-
Notifications
You must be signed in to change notification settings - Fork 1.6k
Description
Bug Description
Hi, we are using TF+flux to deploy our cluster to EKS. We have separate flux git repos for infrastructure components, apps and our cluster fleet.
When deploying cluster, we deploy infra components in logical groups (storage, networking, monitoring, etc.), using flux's dependency handling to make sure the crds, controllers and configs are deployed in the correct order.
As part of our networking component group, we install aws-load-balancer-controller, as well as a few other components (Envoy gateway, cert-manager, external-dns), currently all via helm charts.
The problem is that on the initial cluster deploy, flux HelmReleases for these other components will fail with the error:
* Internal error occurred: failed calling webhook "mservice.elbv2.k8s.aws": failed to call webhook: Post "https://aws-load-balancer-webhook-service.networking.svc:443/mutate-v1-service?timeout=10s": no endpoints available for service "aws-load-balancer-webhook-service"
Flux HelmRelease does not retry installs by default, so this leaves these releases in a permanent failure, requiring us to manually delete them and have flux re-reconcile them, which then succeeds and everyone on the cluster are happy.
If we increase the number of retries on these HelmReleases, the initial deploy will succeed (after a retry).

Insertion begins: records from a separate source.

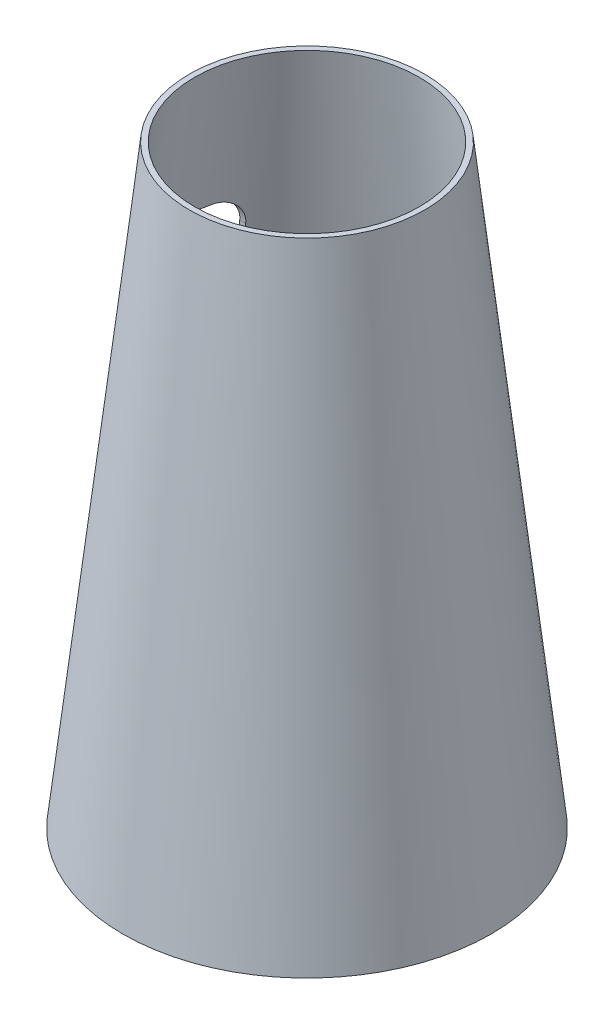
ISO-10303-21;
HEADER;
FILE_DESCRIPTION(('STEP AP214'),'2;1');
FILE_NAME('part.step','',(''),(''),'','','');
FILE_SCHEMA(('AUTOMOTIVE_DESIGN { 1 0 10303 214 1 1 1 1 }'));
ENDSEC;
DATA;
#1=APPLICATION_CONTEXT('core data for automotive mechanical design processes');
#2=APPLICATION_PROTOCOL_DEFINITION('international standard','automotive_design',2000,#1);
#3=PRODUCT_CONTEXT('',#1,'mechanical');
#4=PRODUCT('Part','Part','',(#3));
#5=PRODUCT_RELATED_PRODUCT_CATEGORY('part','',(#4));
#6=PRODUCT_DEFINITION_FORMATION('','',#4);
#7=PRODUCT_DEFINITION_CONTEXT('part definition',#1,'design');
#8=PRODUCT_DEFINITION('design','',#6,#7);
#9=PRODUCT_DEFINITION_SHAPE('','',#8);
#10=(LENGTH_UNIT() NAMED_UNIT(*) SI_UNIT(.MILLI.,.METRE.));
#11=(NAMED_UNIT(*) PLANE_ANGLE_UNIT() SI_UNIT($,.RADIAN.));
#12=(NAMED_UNIT(*) SI_UNIT($,.STERADIAN.) SOLID_ANGLE_UNIT());
#13=UNCERTAINTY_MEASURE_WITH_UNIT(LENGTH_MEASURE(1.E-05),#10,'distance_accuracy_value','');
#14=(GEOMETRIC_REPRESENTATION_CONTEXT(3) GLOBAL_UNCERTAINTY_ASSIGNED_CONTEXT((#13)) GLOBAL_UNIT_ASSIGNED_CONTEXT((#10,
#11,#12)) REPRESENTATION_CONTEXT('',''));
#15=CARTESIAN_POINT('',(0.,0.,0.));
#16=DIRECTION('',(0.,0.,1.));
#17=DIRECTION('',(1.,0.,0.));
#18=AXIS2_PLACEMENT_3D('',#15,#16,#17);
#19=CARTESIAN_POINT('',(0.,0.,0.));
#20=DIRECTION('',(0.,-1.,0.));
#21=DIRECTION('',(0.,0.,-1.));
#22=AXIS2_PLACEMENT_3D('',#19,#20,#21);
#23=CONICAL_SURFACE('',#22,66.2654821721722,0.111487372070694);
#24=CARTESIAN_POINT('',(0.,0.,0.));
#25=DIRECTION('',(0.,-1.,0.));
#26=DIRECTION('',(0.,0.,-1.));
#27=AXIS2_PLACEMENT_3D('',#24,#25,#26);
#28=CIRCLE('',#27,66.2654821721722);
#29=CARTESIAN_POINT('',(0.,0.,-66.2654821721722));
#30=VERTEX_POINT('',#29);
#31=EDGE_CURVE('E444',#30,#30,#28,.T.);
#32=ORIENTED_EDGE('',*,*,#31,.T.);
#33=EDGE_LOOP('',(#32));
#34=FACE_BOUND('',#33,.T.);
#35=CARTESIAN_POINT('',(0.,220.114554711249,0.));
#36=DIRECTION('',(0.,-1.,0.));
#37=DIRECTION('',(0.,0.,-1.));
#38=AXIS2_PLACEMENT_3D('',#35,#36,#37);
#39=CIRCLE('',#38,41.6233081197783);
#40=CARTESIAN_POINT('',(0.,220.114554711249,-41.6233081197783));
#41=VERTEX_POINT('',#40);
#42=EDGE_CURVE('E431',#41,#41,#39,.T.);
#43=ORIENTED_EDGE('',*,*,#42,.F.);
#44=EDGE_LOOP('',(#43));
#45=FACE_BOUND('',#44,.T.);
#46=CARTESIAN_POINT('',(0.,171.898730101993,0.));
#47=DIRECTION('',(0.,1.,0.));
#48=DIRECTION('',(0.,0.,1.));
#49=AXIS2_PLACEMENT_3D('',#46,#47,#48);
#50=CIRCLE('',#49,47.0211462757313);
#51=CARTESIAN_POINT('',(-45.782643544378,171.898730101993,10.7209023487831));
#52=VERTEX_POINT('',#51);
#53=CARTESIAN_POINT('',(-45.782643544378,171.898730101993,-10.7209023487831));
#54=VERTEX_POINT('',#53);
#55=EDGE_CURVE('E323',#52,#54,#50,.F.);
#56=ORIENTED_EDGE('',*,*,#55,.T.);
#57=CARTESIAN_POINT('',(-45.7826903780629,171.898730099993,-10.7207023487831));
#58=CARTESIAN_POINT('',(-45.7147127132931,171.89876087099,-11.011111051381));
#59=CARTESIAN_POINT('',(-45.6453055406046,171.886092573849,-11.3011663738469));
#60=CARTESIAN_POINT('',(-45.5042855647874,171.835718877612,-11.8785184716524));
#61=CARTESIAN_POINT('',(-45.432673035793,171.798016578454,-12.1658155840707));
#62=CARTESIAN_POINT('',(-45.2879064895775,171.697955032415,-12.735562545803));
#63=CARTESIAN_POINT('',(-45.2147530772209,171.635605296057,-13.0180142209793));
#64=CARTESIAN_POINT('',(-45.0676766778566,171.486757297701,-13.5762799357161));
#65=CARTESIAN_POINT('',(-44.9937536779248,171.400258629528,-13.8520938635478));
#66=CARTESIAN_POINT('',(-44.8460493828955,171.203716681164,-14.3952225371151));
#67=CARTESIAN_POINT('',(-44.772268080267,171.093674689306,-14.6625377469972));
#68=CARTESIAN_POINT('',(-44.6258344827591,170.850689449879,-15.1869942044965));
#69=CARTESIAN_POINT('',(-44.5531825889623,170.717738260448,-15.4441318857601));
#70=CARTESIAN_POINT('',(-44.4101595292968,170.429751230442,-15.9463653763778));
#71=CARTESIAN_POINT('',(-44.3397881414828,170.274717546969,-16.1914623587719));
#72=CARTESIAN_POINT('',(-44.2025279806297,169.943428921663,-16.667919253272));
#73=CARTESIAN_POINT('',(-44.1356392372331,169.767173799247,-16.899279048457));
#74=CARTESIAN_POINT('',(-44.00687425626,169.395137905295,-17.345702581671));
#75=CARTESIAN_POINT('',(-43.9449802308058,169.199432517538,-17.5608239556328));
#76=CARTESIAN_POINT('',(-43.8272815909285,168.789174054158,-17.9739351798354));
#77=CARTESIAN_POINT('',(-43.7714745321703,168.574628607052,-18.1719319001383));
#78=CARTESIAN_POINT('',(-43.667280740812,168.127987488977,-18.549170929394));
#79=CARTESIAN_POINT('',(-43.6188932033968,167.895893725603,-18.728415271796));
#80=CARTESIAN_POINT('',(-43.5308690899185,167.415732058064,-19.0664928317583));
#81=CARTESIAN_POINT('',(-43.4912317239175,167.167665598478,-19.2253278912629));
#82=CARTESIAN_POINT('',(-43.4240238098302,166.672625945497,-19.5121943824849));
#83=CARTESIAN_POINT('',(-43.3958751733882,166.426467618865,-19.641497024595));
#84=CARTESIAN_POINT('',(-43.3493493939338,165.923483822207,-19.8794363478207));
#85=CARTESIAN_POINT('',(-43.3309712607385,165.666659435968,-19.9880751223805));
#86=CARTESIAN_POINT('',(-43.3047481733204,165.144563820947,-20.1835754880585));
#87=CARTESIAN_POINT('',(-43.2968942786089,164.879299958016,-20.2704555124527));
#88=CARTESIAN_POINT('',(-43.2922114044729,164.342462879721,-20.4217242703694));
#89=CARTESIAN_POINT('',(-43.2953785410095,164.070891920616,-20.486120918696));
#90=CARTESIAN_POINT('',(-43.314293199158,163.483542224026,-20.5996849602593));
#91=CARTESIAN_POINT('',(-43.3318129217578,163.167106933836,-20.6452475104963));
#92=CARTESIAN_POINT('',(-43.3691259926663,162.691480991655,-20.6907036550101));
#93=CARTESIAN_POINT('',(-43.3833940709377,162.532845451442,-20.7020411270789));
#94=CARTESIAN_POINT('',(-43.4155416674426,162.215586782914,-20.7171420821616));
#95=CARTESIAN_POINT('',(-43.4334210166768,162.056963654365,-20.7209059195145));
#96=CARTESIAN_POINT('',(-43.4530748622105,161.898530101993,-20.7209023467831));
#97=B_SPLINE_CURVE_WITH_KNOTS('',3,(#57,#58,#59,#60,#61,#62,#63,#64,#65,#66,#67,#68,#69,#70,#71,
#72,#73,#74,#75,#76,#77,#78,#79,#80,#81,#82,#83,#84,#85,#86,#87,#88,#89,#90,#91,#92,#93,#94,#95,
#96),.UNSPECIFIED.,.F.,.F.,(4,2,2,2,2,2,2,2,2,2,2,2,2,2,2,2,2,2,2,4),(0.,0.894476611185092,
1.788842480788,2.68286358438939,3.57689972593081,4.47088695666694,5.36518472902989,
6.25939520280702,7.15361328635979,8.0444916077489,8.93501085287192,9.8254334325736,
10.7157755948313,11.5530892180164,12.390317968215,13.2268350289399,14.0630573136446,
15.0215815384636,15.5004308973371,15.9792578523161),.UNSPECIFIED.);
#98=CARTESIAN_POINT('',(-43.453050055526,161.898730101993,-20.7209023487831));
#99=VERTEX_POINT('',#98);
#100=EDGE_CURVE('E424',#54,#99,#97,.T.);
#101=ORIENTED_EDGE('',*,*,#100,.T.);
#102=CARTESIAN_POINT('',(-65.9231777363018,-25.3457131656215,-20.7209023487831));
#103=CARTESIAN_POINT('',(-64.9166133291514,-16.7685787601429,-20.7209023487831));
#104=CARTESIAN_POINT('',(-63.9080504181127,-8.19167846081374,-20.7209023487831));
#105=CARTESIAN_POINT('',(-61.8862073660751,8.96155749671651,-20.7209023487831));
#106=CARTESIAN_POINT('',(-60.8729272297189,17.5378931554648,-20.7209023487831));
#107=CARTESIAN_POINT('',(-58.8408938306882,34.69020471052,-20.7209023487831));
#108=CARTESIAN_POINT('',(-57.8221403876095,43.2661805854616,-20.7209023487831));
#109=CARTESIAN_POINT('',(-55.7782622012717,60.4173828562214,-20.7209023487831));
#110=CARTESIAN_POINT('',(-54.7531374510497,68.9926092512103,-20.7209023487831));
#111=CARTESIAN_POINT('',(-52.6953670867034,86.1421562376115,-20.7209023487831));
#112=CARTESIAN_POINT('',(-51.6627214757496,94.7164768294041,-20.7209023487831));
#113=CARTESIAN_POINT('',(-49.5884580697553,111.864005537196,-20.7209023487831));
#114=CARTESIAN_POINT('',(-48.5468403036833,120.437213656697,-20.7209023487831));
#115=CARTESIAN_POINT('',(-46.9762745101,133.295904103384,-20.7209023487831));
#116=CARTESIAN_POINT('',(-46.4514037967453,137.581884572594,-20.7209023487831));
#117=CARTESIAN_POINT('',(-45.3986486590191,146.153474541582,-20.7209023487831));
#118=CARTESIAN_POINT('',(-44.8707642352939,150.439084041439,-20.7209023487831));
#119=CARTESIAN_POINT('',(-43.8116455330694,159.009936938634,-20.7209023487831));
#120=CARTESIAN_POINT('',(-43.2804112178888,163.29518033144,-20.7209023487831));
#121=CARTESIAN_POINT('',(-42.2142083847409,171.865205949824,-20.7209023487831));
#122=CARTESIAN_POINT('',(-41.6792398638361,176.149988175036,-20.7209023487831));
#123=CARTESIAN_POINT('',(-40.2000389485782,187.950749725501,-20.7209023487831));
#124=CARTESIAN_POINT('',(-39.2514702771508,195.466186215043,-20.7209023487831));
#125=CARTESIAN_POINT('',(-37.3384709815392,210.495023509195,-20.7209023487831));
#126=CARTESIAN_POINT('',(-36.3740403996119,218.008424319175,-20.7209023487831));
#127=CARTESIAN_POINT('',(-34.9123399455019,229.276416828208,-20.7209023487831));
#128=CARTESIAN_POINT('',(-34.4226074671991,233.031986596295,-20.7209023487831));
#129=CARTESIAN_POINT('',(-33.4374205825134,240.542375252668,-20.7209023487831));
#130=CARTESIAN_POINT('',(-32.9419661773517,244.297194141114,-20.7209023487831));
#131=CARTESIAN_POINT('',(-31.9445194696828,251.806007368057,-20.7209023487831));
#132=CARTESIAN_POINT('',(-31.4425270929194,255.560001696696,-20.7209023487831));
#133=CARTESIAN_POINT('',(-30.4310168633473,263.066975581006,-20.7209023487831));
#134=CARTESIAN_POINT('',(-29.9214990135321,266.819955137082,-20.7209023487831));
#135=CARTESIAN_POINT('',(-28.8936225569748,274.325396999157,-20.7209023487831));
#136=CARTESIAN_POINT('',(-28.3752623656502,278.077859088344,-20.7209023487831));
#137=CARTESIAN_POINT('',(-27.328260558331,285.581345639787,-20.7209023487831));
#138=CARTESIAN_POINT('',(-26.7996189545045,289.332370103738,-20.7209023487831));
#139=CARTESIAN_POINT('',(-25.730120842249,296.832563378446,-20.7209023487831));
#140=CARTESIAN_POINT('',(-25.1892647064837,300.581732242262,-20.7209023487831));
#141=CARTESIAN_POINT('',(-24.0927761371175,308.077928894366,-20.7209023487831));
#142=CARTESIAN_POINT('',(-23.5371436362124,311.824956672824,-20.7209023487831));
#143=CARTESIAN_POINT('',(-22.4076390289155,319.31689802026,-20.7209023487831));
#144=CARTESIAN_POINT('',(-21.8337639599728,323.06181114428,-20.7209023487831));
#145=CARTESIAN_POINT('',(-20.955781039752,328.676473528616,-20.7209023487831));
#146=CARTESIAN_POINT('',(-20.6602599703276,330.547566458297,-20.7209023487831));
#147=CARTESIAN_POINT('',(-20.0627018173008,334.288710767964,-20.7209023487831));
#148=CARTESIAN_POINT('',(-19.7606647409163,336.158762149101,-20.7209023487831));
#149=CARTESIAN_POINT('',(-19.1491156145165,339.897845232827,-20.7209023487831));
#150=CARTESIAN_POINT('',(-18.8396027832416,341.766876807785,-20.7209023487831));
#151=CARTESIAN_POINT('',(-18.211981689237,345.503491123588,-20.7209023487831));
#152=CARTESIAN_POINT('',(-17.8938734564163,347.371073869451,-20.7209023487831));
#153=CARTESIAN_POINT('',(-17.2476104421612,351.104586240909,-20.7209023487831));
#154=CARTESIAN_POINT('',(-16.9194552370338,352.970515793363,-20.7209023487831));
#155=CARTESIAN_POINT('',(-16.4183062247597,355.767823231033,-20.7209023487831));
#156=CARTESIAN_POINT('',(-16.2497694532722,356.700000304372,-20.7209023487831));
#157=CARTESIAN_POINT('',(-15.9094286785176,358.563759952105,-20.7209023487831));
#158=CARTESIAN_POINT('',(-15.7376246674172,359.495342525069,-20.7209023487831));
#159=CARTESIAN_POINT('',(-15.5640395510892,360.426594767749,-20.7209023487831));
#160=B_SPLINE_CURVE_WITH_KNOTS('',3,(#102,#103,#104,#105,#106,#107,#108,#109,#110,#111,#112,
#113,#114,#115,#116,#117,#118,#119,#120,#121,#122,#123,#124,#125,#126,#127,#128,#129,#130,#131,
#132,#133,#134,#135,#136,#137,#138,#139,#140,#141,#142,#143,#144,#145,#146,#147,#148,#149,#150,
#151,#152,#153,#154,#155,#156,#157,#158,#159),.UNSPECIFIED.,.F.,.F.,(4,2,2,2,2,2,2,2,2,2,2,2,2,
2,2,2,2,2,2,2,2,2,2,2,2,2,2,2,4),(0.,25.9079848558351,51.8159442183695,77.7247628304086,
103.633609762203,129.542445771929,155.451198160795,168.405195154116,181.359189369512,
194.313325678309,207.267472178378,229.992645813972,252.717758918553,264.079853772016,
275.441946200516,286.804167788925,298.166384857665,309.530659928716,320.894921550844,
332.258836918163,343.622804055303,354.988626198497,360.671476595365,366.354320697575,
372.037761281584,377.721182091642,383.404842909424,386.246708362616,389.088580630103),.UNSPECIFIED.);
#161=CARTESIAN_POINT('',(-55.2340681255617,64.9621649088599,-20.7209023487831));
#162=VERTEX_POINT('',#161);
#163=EDGE_CURVE('E432',#99,#162,#160,.F.);
#164=ORIENTED_EDGE('',*,*,#163,.T.);
#165=CARTESIAN_POINT('',(-55.2340442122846,64.96236490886,-20.7209023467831));
#166=CARTESIAN_POINT('',(-55.2674627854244,64.6826052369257,-20.7209447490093));
#167=CARTESIAN_POINT('',(-55.3052733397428,64.4034125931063,-20.709175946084));
#168=CARTESIAN_POINT('',(-55.3890457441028,63.8483095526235,-20.6625656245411));
#169=CARTESIAN_POINT('',(-55.4350041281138,63.5723978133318,-20.6277338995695));
#170=CARTESIAN_POINT('',(-55.5342997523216,63.0266936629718,-20.5357033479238));
#171=CARTESIAN_POINT('',(-55.5876113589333,62.7568836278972,-20.4785810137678));
#172=CARTESIAN_POINT('',(-55.7009713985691,62.2242017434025,-20.3427059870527));
#173=CARTESIAN_POINT('',(-55.7610204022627,61.9613304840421,-20.2639514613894));
#174=CARTESIAN_POINT('',(-55.886914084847,61.4446018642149,-20.0858011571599));
#175=CARTESIAN_POINT('',(-55.9527496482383,61.1907311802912,-19.9864375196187));
#176=CARTESIAN_POINT('',(-56.0894255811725,60.6929664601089,-19.7678829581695));
#177=CARTESIAN_POINT('',(-56.160267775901,60.4490761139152,-19.648684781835));
#178=CARTESIAN_POINT('',(-56.3060469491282,59.9725832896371,-19.3913941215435));
#179=CARTESIAN_POINT('',(-56.380986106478,59.7399869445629,-19.2532915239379));
#180=CARTESIAN_POINT('',(-56.53398468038,59.2874324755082,-18.9592419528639));
#181=CARTESIAN_POINT('',(-56.612044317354,59.0674752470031,-18.8032937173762));
#182=CARTESIAN_POINT('',(-56.77446981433,58.630212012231,-18.4659999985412));
#183=CARTESIAN_POINT('',(-56.8589521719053,58.4136435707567,-18.2837537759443));
#184=CARTESIAN_POINT('',(-57.0292328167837,57.9969896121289,-17.9018632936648));
#185=CARTESIAN_POINT('',(-57.1150311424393,57.7969045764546,-17.7022185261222));
#186=CARTESIAN_POINT('',(-57.2869029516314,57.4143155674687,-17.2867040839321));
#187=CARTESIAN_POINT('',(-57.3729765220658,57.2318178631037,-17.0708286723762));
#188=CARTESIAN_POINT('',(-57.544319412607,56.8856092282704,-16.6242134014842));
#189=CARTESIAN_POINT('',(-57.629588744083,56.7218980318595,-16.3934737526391));
#190=CARTESIAN_POINT('',(-57.801612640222,56.4083226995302,-15.9091790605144));
#191=CARTESIAN_POINT('',(-57.8882948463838,56.2592506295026,-15.6550846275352));
#192=CARTESIAN_POINT('',(-58.0585661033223,55.9837923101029,-15.1340241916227));
#193=CARTESIAN_POINT('',(-58.1421562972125,55.8573976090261,-14.8670630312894));
#194=CARTESIAN_POINT('',(-58.3051714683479,55.6284453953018,-14.3221414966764));
#195=CARTESIAN_POINT('',(-58.3845998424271,55.5258682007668,-14.0441904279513));
#196=CARTESIAN_POINT('',(-58.5383590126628,55.3455034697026,-13.4791260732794));
#197=CARTESIAN_POINT('',(-58.6126914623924,55.2677078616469,-13.1920158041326));
#198=CARTESIAN_POINT('',(-58.7713250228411,55.1233288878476,-12.5456949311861));
#199=CARTESIAN_POINT('',(-58.8541608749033,55.0630982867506,-12.1846638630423));
#200=CARTESIAN_POINT('',(-58.970624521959,55.0026609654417,-11.638448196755));
#201=CARTESIAN_POINT('',(-59.0081436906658,54.9874999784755,-11.4556184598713));
#202=CARTESIAN_POINT('',(-59.0804700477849,54.9672503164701,-11.0888619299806));
#203=CARTESIAN_POINT('',(-59.115277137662,54.9621620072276,-10.904935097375));
#204=CARTESIAN_POINT('',(-59.1486671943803,54.9621649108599,-10.720702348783));
#205=B_SPLINE_CURVE_WITH_KNOTS('',3,(#165,#166,#167,#168,#169,#170,#171,#172,#173,#174,#175,
#176,#177,#178,#179,#180,#181,#182,#183,#184,#185,#186,#187,#188,#189,#190,#191,#192,#193,#194,
#195,#196,#197,#198,#199,#200,#201,#202,#203,#204),.UNSPECIFIED.,.F.,.F.,(4,2,2,2,2,2,2,2,2,2,2,
2,2,2,2,2,2,2,2,4),(0.,0.844903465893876,1.68944837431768,2.53112027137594,3.37286351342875,
4.21330375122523,5.05405197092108,5.89525175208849,6.7365110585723,7.62167827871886,
8.50687134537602,9.39237877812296,10.2778736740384,11.1980034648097,12.1177896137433,
13.036812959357,13.9555366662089,15.0788101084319,15.6403235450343,16.2018573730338),.UNSPECIFIED.);
#206=CARTESIAN_POINT('',(-59.1486309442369,54.9621649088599,-10.7209023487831));
#207=VERTEX_POINT('',#206);
#208=EDGE_CURVE('E466',#162,#207,#205,.T.);
#209=ORIENTED_EDGE('',*,*,#208,.T.);
#210=CARTESIAN_POINT('',(0.,54.9621649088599,0.));
#211=DIRECTION('',(0.,-1.,0.));
#212=DIRECTION('',(0.,0.,-1.));
#213=AXIS2_PLACEMENT_3D('',#210,#211,#212);
#214=CIRCLE('',#213,60.1123805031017);
#215=CARTESIAN_POINT('',(-59.1486309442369,54.9621649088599,10.7209023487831));
#216=VERTEX_POINT('',#215);
#217=EDGE_CURVE('E465',#207,#216,#214,.F.);
#218=ORIENTED_EDGE('',*,*,#217,.T.);
#219=CARTESIAN_POINT('',(-59.1486671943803,54.9621649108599,10.720702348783));
#220=CARTESIAN_POINT('',(-59.096657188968,54.9621267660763,11.0077963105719));
#221=CARTESIAN_POINT('',(-59.0411543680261,54.9745147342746,11.2942174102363));
#222=CARTESIAN_POINT('',(-58.9237791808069,55.0235647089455,11.8635552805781));
#223=CARTESIAN_POINT('',(-58.8619090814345,55.0602181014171,12.1464732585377));
#224=CARTESIAN_POINT('',(-58.7325496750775,55.1570927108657,12.7061087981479));
#225=CARTESIAN_POINT('',(-58.6650757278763,55.2172510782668,12.9828408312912));
#226=CARTESIAN_POINT('',(-58.5250786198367,55.3603913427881,13.5290414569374));
#227=CARTESIAN_POINT('',(-58.4525551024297,55.4433748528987,13.798509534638));
#228=CARTESIAN_POINT('',(-58.3033409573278,55.6312037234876,14.3281196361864));
#229=CARTESIAN_POINT('',(-58.2266554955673,55.7360224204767,14.5882725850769));
#230=CARTESIAN_POINT('',(-58.0698580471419,55.9667034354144,15.0981151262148));
#231=CARTESIAN_POINT('',(-57.9897448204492,56.0925734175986,15.3478008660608));
#232=CARTESIAN_POINT('',(-57.8269881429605,56.3644079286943,15.8352428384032));
#233=CARTESIAN_POINT('',(-57.7443437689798,56.5103798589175,16.0729946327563));
#234=CARTESIAN_POINT('',(-57.5774921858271,56.8213772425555,16.5351223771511));
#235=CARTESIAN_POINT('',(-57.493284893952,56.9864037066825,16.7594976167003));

I don't know much about mutating webhooks, but this seems like aws-load-balancer-controller registers its mutating webhook before aws-load-balancer-webhook-service service is ready to handle requests, and these initial requests time out.
Steps to Reproduce
- provision a new EKS cluster
- deploy a few components using flux
HelmRelease, includingaws-load-balancert-controller(if required, I can try to provide a minimal project to reproduce this).
Expected Behavior
Other HelmReleases not erroring out with the (presumably) timeout error during the initial cluster deployment.
Current Workarounds
I could add retries to all other HelmReleases, or make aws-load-balancer-controller a separate component, making all other infra components dependent on it, but that seems like a bad approach, when other components don't depend in it being fully deployed.
Environment
- AWS Load Balancer controller version: v2.12.0
- Kubernetes version: 1.31
- Using EKS (yes/no), if so version?: 1.31
- Using Service or Ingress:
- AWS region: eu-west-1
- How was the aws-load-balancer-controller installed:
helm ls:
aws-load-balancer-controller networking 1 2025-04-10 11:28:42.887441528 +0000 UTC deployed aws-load-balancer-controller-1.12.0 v2.12.0
- helm values:
USER-SUPPLIED VALUES:
clusterName: my-cluster
controllerConfig:
featureGates:
ServiceTypeLoadBalancerOnly: true
serviceAccount:
create: false
name: aws-load-balancer-controller
- Current state of the Controller configuration:
kubectl -n <controllernamespace> describe deployment aws-load-balancer-controller
Name: aws-load-balancer-controller
Namespace: networking
CreationTimestamp: Thu, 10 Apr 2025 13:28:46 +0200
Labels: app.kubernetes.io/instance=aws-load-balancer-controller
app.kubernetes.io/managed-by=Helm
app.kubernetes.io/name=aws-load-balancer-controller
app.kubernetes.io/version=v2.12.0
helm.sh/chart=aws-load-balancer-controller-1.12.0
helm.toolkit.fluxcd.io/name=aws-load-balancer-controller
helm.toolkit.fluxcd.io/namespace=networking
Annotations: deployment.kubernetes.io/revision: 1
meta.helm.sh/release-name: aws-load-balancer-controller
meta.helm.sh/release-namespace: networking
Selector: app.kubernetes.io/instance=aws-load-balancer-controller,app.kubernetes.io/name=aws-load-balancer-controller
Replicas: 2 desired | 2 updated | 2 total | 2 available | 0 unavailable
StrategyType: RollingUpdate
MinReadySeconds: 0
RollingUpdateStrategy: 25% max unavailable, 25% max surge
Pod Template:
Labels: app.kubernetes.io/instance=aws-load-balancer-controller
app.kubernetes.io/name=aws-load-balancer-controller
Annotations: prometheus.io/port: 8080
prometheus.io/scrape: true
Service Account: aws-load-balancer-controller
Containers:
aws-load-balancer-controller:
Image: public.ecr.aws/eks/aws-load-balancer-controller:v2.12.0
Ports: 9443/TCP, 8080/TCP
Host Ports: 0/TCP, 0/TCP
Args:
--cluster-name=my-cluster
--ingress-class=alb
--feature-gates=ServiceTypeLoadBalancerOnly=true
Liveness: http-get http://:61779/healthz delay=30s timeout=10s period=10s #success=1 #failure=2
Readiness: http-get http://:61779/readyz delay=10s timeout=10s period=10s #success=1 #failure=2
Environment: <none>
Mounts:
/tmp/k8s-webhook-server/serving-certs from cert (ro)
Volumes:
cert:
Type: Secret (a volume populated by a Secret)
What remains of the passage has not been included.